Not only did the Romans adopt Bacchus, they also embellished him with new myths and provided him with a sidekick—Silenus—a bloated middle-aged inebriate who carried around a bulging wine skin, and who served the drinks at mythical revels. However, while the powers of the god of wine were extended in fiction, belief in their truth diminished. The Roman Bacchus was less of a mystery than the Greek variety. He was another statue on a crowded shelf, invoked as a figure of speech rather than venerated as an object of faith. Wine became a secular substance, and the Romans no longer thought it necessary to blame drunkenness on possession by a god. In the absence of such magical associations, the effects of drinking were scrutinized with more critical eyes.
The poet Horace, in his
Epistles,
ridiculed the notion that since wine inspired writers writers should be drunk. Noting that “from the moment Liber enlisted brain-sick poets among his satyrs and fauns, the sweet muses, as a rule, have had a scent of wine about them in the morning,” and that would-be poets “have never ceased to vie in wine drinking by night and to reek of it by day,” he pointed out that this was to mistake the symptoms for the cause and was as futile as dressing up like Cato without possessing Cato’s virtues. Horace was, however, a fervent advocate of alcohol per se, so long as it was consumed in accordance with his motto, “Let Moderation Reign!” In the right quantities, in his opinion, wine could be a miracle worker: “It unlocks secrets, bids hopes be fulfilled, thrusts the coward onto the battlefield, takes the load from anxious hearts. The flowing bowl—whom has it not made eloquent? Whom has it not made free even amid pinching poverty ?”

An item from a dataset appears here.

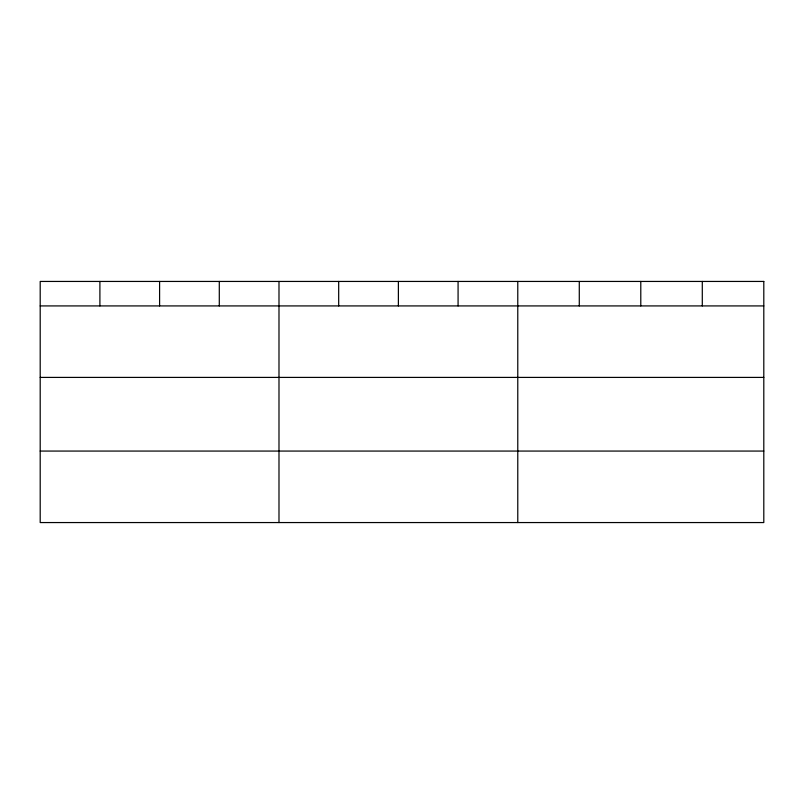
<?xml version="1.0" encoding="UTF-8"?>
<svg xmlns="http://www.w3.org/2000/svg" width="804" height="804" viewBox="0 0 804 804"><rect width="100%" height="100%" fill="white"/><g stroke="black" fill="none" stroke-linecap="round" stroke-linejoin="round"><path stroke-width="1.21" d="M40.2 305.922L763.8 305.922M40.2 377.408L763.8 377.408M40.2 451.064L763.8 451.064M702.294 281.44L702.294 305.922M640.788 281.44L640.788 305.922M579.282 281.44L579.282 305.922M517.776 281.44L517.776 522.56M458.079 281.44L458.079 305.922M398.382 281.44L398.382 305.922M338.685 281.44L338.685 305.922M278.988 281.44L278.988 522.56M219.291 281.44L219.291 305.922M159.594 281.44L159.594 305.922M99.897 281.44L99.897 305.922M763.8 281.44L40.2 281.44L40.2 522.56L763.8 522.56L763.8 281.44"/></g></svg>

In addition to ridiculing drunken poets and praising temperate drinking, Horace also satirized the prevailing fashions for fine wines and for consuming too much of them. He singled out for especial ridicule the trend toward ever more elaborate drinking rituals in the style of the Grecian symposium and poured scorn upon the vogue for ceremony. He was, however, swimming against the tide. The Romans of the imperial era had fallen in love with ostentation—magnificence was in as much as Hellenism—and they developed a domestic version of the symposium at which they might display their wealth and taste.
The Roman dinner party, or
convivium,
differed from its model in many aspects. Wine was served before, with, and after food, whereas in Greece the drinking had begun only after eating had ended. Most significantly, women were admitted to the dinner table, where they drank with the same gusto as their male counterparts. Rome, once noted for the sobriety of its women, became known for its drunkardesses. Their excesses attracted the attention of its satirists. The poet Martial pictured one such Latin maenad trying to hide the alcohol on her breath by not speaking; to no avail for her uncontrolled belching released its odor.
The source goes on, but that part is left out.